In 1878, when Father Hevey saw the rising need for aid to the people of Lewiston’s Little Canada, he turned to the Sisters of Charity of Saint Hyacinthe, Québec for good reason. While many Roman Catholic religious orders eventually came to Maine to work among the state’s Franco Americans, the Grey Nuns’ mission of service to the poor distinguished this order of religious women. The order was founded in 1744 by Marguerite d’Youville, who was canonized by the Roman Catholic Church as its first Canadian-born saint in 1990. Marguerite

d’Youville’s own life experience as a fatherless child, a neglected wife, a widow and single mother informed the mission of the Sisters of Charity: to serve the poor in whatever way necessary. In her lifetime, she worked with disabled soldiers, the elderly, the mentally ill, foundlings and orphans.

When the Sisters of Charity of Saint Hyacinthe, Québec accepted Father Hevey’s request, they were willing to take on new tasks such as education in addition to their work as sister-nurses. The Grey Nuns grew and changed as the community developed.

Although the religious beliefs of the Grey Nuns are not the primary focus of this exhibit, religious faith and culture are deeply embedded. In order to tell the story of these women and those they served, some attention must be paid to the cultural significance of their faith and its impact on patient care. In her history of the Grey Nuns of Lewiston-Auburn, “The Quiet Revolutionaries, How the Grey Nuns Changed the Social Welfare Paradigm of Lewiston, Maine,” Susan P. Hudson, Ph.D., who served as a consultant for the exhibit, demonstrates that the Grey Nuns developed new paradigms for patient and family care at institutions like St.
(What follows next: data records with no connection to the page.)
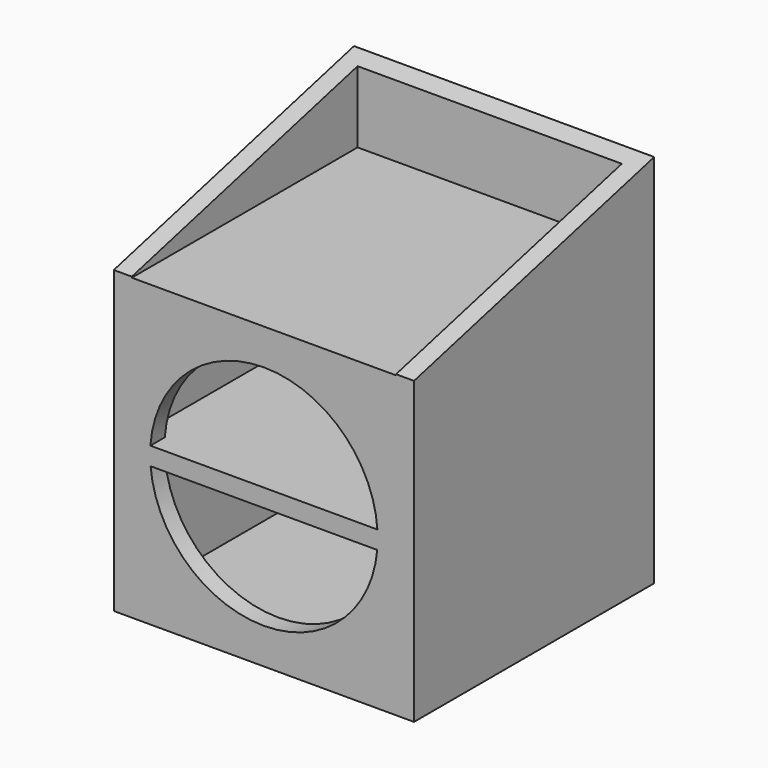
from build123d import *

# Parameters (mm, degrees)
F1_DEPTH = 100
F2_T     = -12
F3_W     = 176
F3_H     = 12
F4_DEPTH = 188
F6_DEPTH = 12


with BuildPart() as f1:
    # F0 (on Right) → F1 (new body, symmetric)
    with BuildSketch(Plane.YZ):
        Polygon((-124.4957186917, 75.0704253932), (-124.4957186917, -124.9295746068), (75.5042813083, -124.9295746068), (75.5042813083, 125.0704253932), align=None)
    extrude(amount=F1_DEPTH, both=True)

    # F2
    f2_openings = [f1.faces().sort_by_distance(p)[0] for p in [
        (0, -124.495719, -24.929575),
        (0, -24.495719, 100.070425),
    ]]
    offset(amount=F2_T, openings=f2_openings)

    # F3 (on face) → F4 (join)
    with BuildSketch(Plane.XZ.offset(-63.5042813083)):
        with Locations((0, -26.0345488787)):
            Rectangle(F3_W, F3_H)
        with Locations((0, 68.4323040247)):
            Rectangle(F3_W, F3_H)
    extrude(amount=F4_DEPTH)

    # F5 (on face) → F6 (join)
    with BuildSketch(Plane.XZ.offset(124.4957186917)):
        Polygon((100, -124.9295746068), (100, 75.0704253932), (88, 75.0704253932), (88, 74.4323040247), (-88, 74.4323040247), (-88, 75.0704253932), (-100, 75.0704253932), (-100, -124.9295746068), align=None)
        Polygon((88, -112.9295746068), (-88, -112.9295746068), (-88, -32.0345488787), (-88, -20.0345488787), (-88, 62.4323040247), (88, 62.4323040247), (88, -20.0345488787), (88, -32.0345488787), align=None, mode=Mode.SUBTRACT)
        with BuildLine():
            Line((-88, 62.4323040247), (-88, -20.0345488787))
            Line((-88, -20.0345488787), (-75.6174618507, -20.0345488787))
            ThreePointArc((-75.6174618507, -20.0345488787), (0, 50.4918066225), (75.6174618507, -20.0345488787))
            Line((75.6174618507, -20.0345488787), (88, -20.0345488787))
            Line((88, -20.0345488787), (88, 62.4323040247))
            Line((88, 62.4323040247), (-88, 62.4323040247))
        make_face()
        with BuildLine():
            Line((-88, -32.0345488787), (-88, -112.9295746068))
            Line((-88, -112.9295746068), (88, -112.9295746068))
            Line((88, -112.9295746068), (88, -32.0345488787))
            Line((88, -32.0345488787), (75.5022996144, -32.0345488787))
            ThreePointArc((75.5022996144, -32.0345488787), (0, -101.1106302402), (-75.5022996144, -32.0345488787))
            Line((-75.5022996144, -32.0345488787), (-88, -32.0345488787))
        make_face()
    extrude(amount=-F6_DEPTH)


solid = f1.part

Mary’s hospital, the Healy Asylum, and the Maison Marcotte. Her research uncovered important statistical and documentary evidence of differences in patient care between St. Mary’s General Hospital and Central Maine General Hospital grounded in cultural and faith tradition. The exhibit builds on Dr. Hudson’s work through analysis of qualitative evidence

about the Grey Nuns’ service, largely taken from oral histories.

The heart of the exhibit “They came, they served. Elles sont venues, elles ont servi” is a collection of interviews with members of the Sisters of Charity by Annette Bourque, former director of marketing for St. Mary’s Hospital and the Sisters of Charity Health System. The interviews represent important documentary evidence of the Grey Nuns and their work. These core interviews are enhanced by a collection of interviews from local area residents about their interactions with the Grey Nuns and their experience with the services the sisters provided. While the exhibit celebrates the work of the Grey Nuns, it is also designed to provide a balance of perspectives on the past and the present, and on this model of healthcare and social services and others. This exhibit is a timely reminder that past groups of immigrants like the Franco Americans faced challenges in maintaining their cultural identity and values not unlike those challenges faced by Somalis, Togolese, Rwandans and other New Mainers in the present. Moreover, social services were equally as important to the support of newly arrived people in the past as they are in the present, however different their configuration in specific time periods.

The lens of gender enables us to view these women as competent and strong professionals who provided many essential social services from a gendered as well as cultural perspective. The Healy Asylum in Lewiston, for example, needs to be considered as much more than a traditional home for orphaned children. It served as a refuge from domestic violence for some, and as child care center designed to relieve mothers of newborns of some of the childcare and household demands placed on them. The heart of the story that the exhibit tells involves the everyday connection of the nuns to families in the local area, as they served as its “backbone,” thus lending an important social infrastructure to the Franco American community that was distinctive to this culture. Language and religious faith must also be considered.

The exhibit is bi-lingual, with either subtitles or voice-overs used on taped footage.